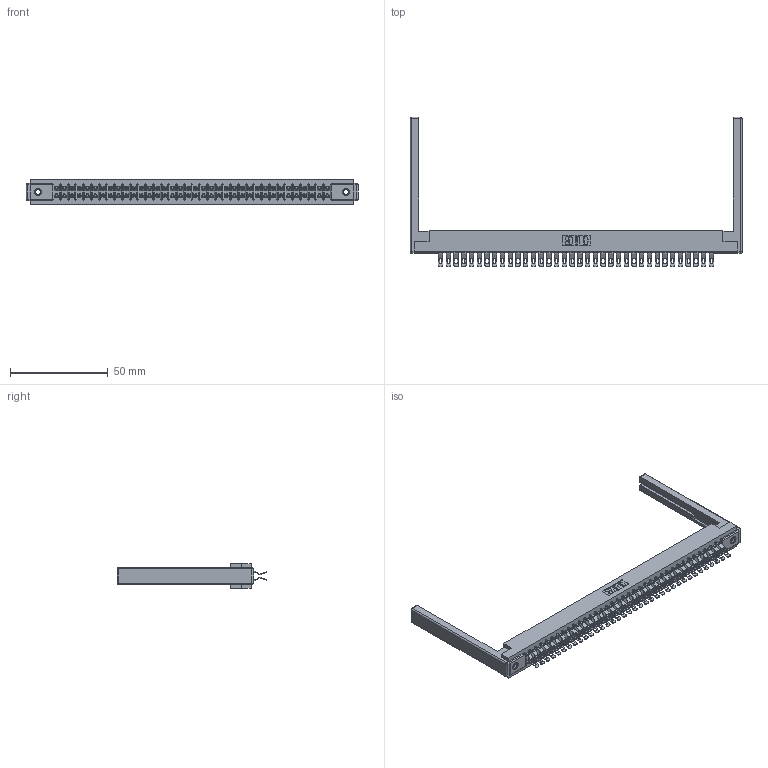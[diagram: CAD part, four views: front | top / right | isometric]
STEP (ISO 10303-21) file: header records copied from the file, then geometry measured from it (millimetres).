
FILE_DESCRIPTION (( 'STEP AP203' ), '1' );
FILE_NAME ('307-072-555-268.STEP', '2019-09-06T20:31:13', ( '' ), ( '' ), 'SwSTEP 2.0', 'SolidWorks 2016', '' );
FILE_SCHEMA (( 'CONFIG_CONTROL_DESIGN' ));
Length unit declared in the file: inch
Products named in the file (5): 307 Part_.156 Dia Mounting Holes; 307-290-001_555; 307-220-068; 307-072-555-268; 345-250-001_345-250-001-102
Assembly tree (77 placements, depth 2):
  307-072-555-268
    307 Part_.156 Dia Mounting Holes
    307-290-001_555  x72
    307-220-068  x2
    345-250-001_345-250-001-102  x2
Bounding box: 170.08 x 76.71 x 12.7 mm (x, y, z)
Volume: 22638.4 mm3; surface area: 27391 mm2
Topology: 77 solids, 77 shells, 4701 faces, 13745 edges, 8946 vertices
Faces by surface type: plane 2606, cylinder 1997, sphere 82, cone 12, torus 4
Entity records: 36050 total; most frequent: CARTESIAN_POINT 5881, ORIENTED_EDGE 5822, DIRECTION 5785, EDGE_CURVE 2911, VECTOR 2217, LINE 2217, VERTEX_POINT 1880, AXIS2_PLACEMENT_3D 1784

TASK INSTRUCTIONS
The required output is the stretch of entries above from the line containing "FILE_SCHEMA (( 'CONFIG_CONTROL_DESIGN' ));" through the line containing "Assembly tree (77", reproduced exactly.

WRITTEN ANSWER
FILE_SCHEMA (( 'CONFIG_CONTROL_DESIGN' ));
Length unit declared in the file: inch
Products named in the file (5): 307 Part_.156 Dia Mounting Holes; 307-290-001_555; 307-220-068; 307-072-555-268; 345-250-001_345-250-001-102
Assembly tree (77 placements, depth 2):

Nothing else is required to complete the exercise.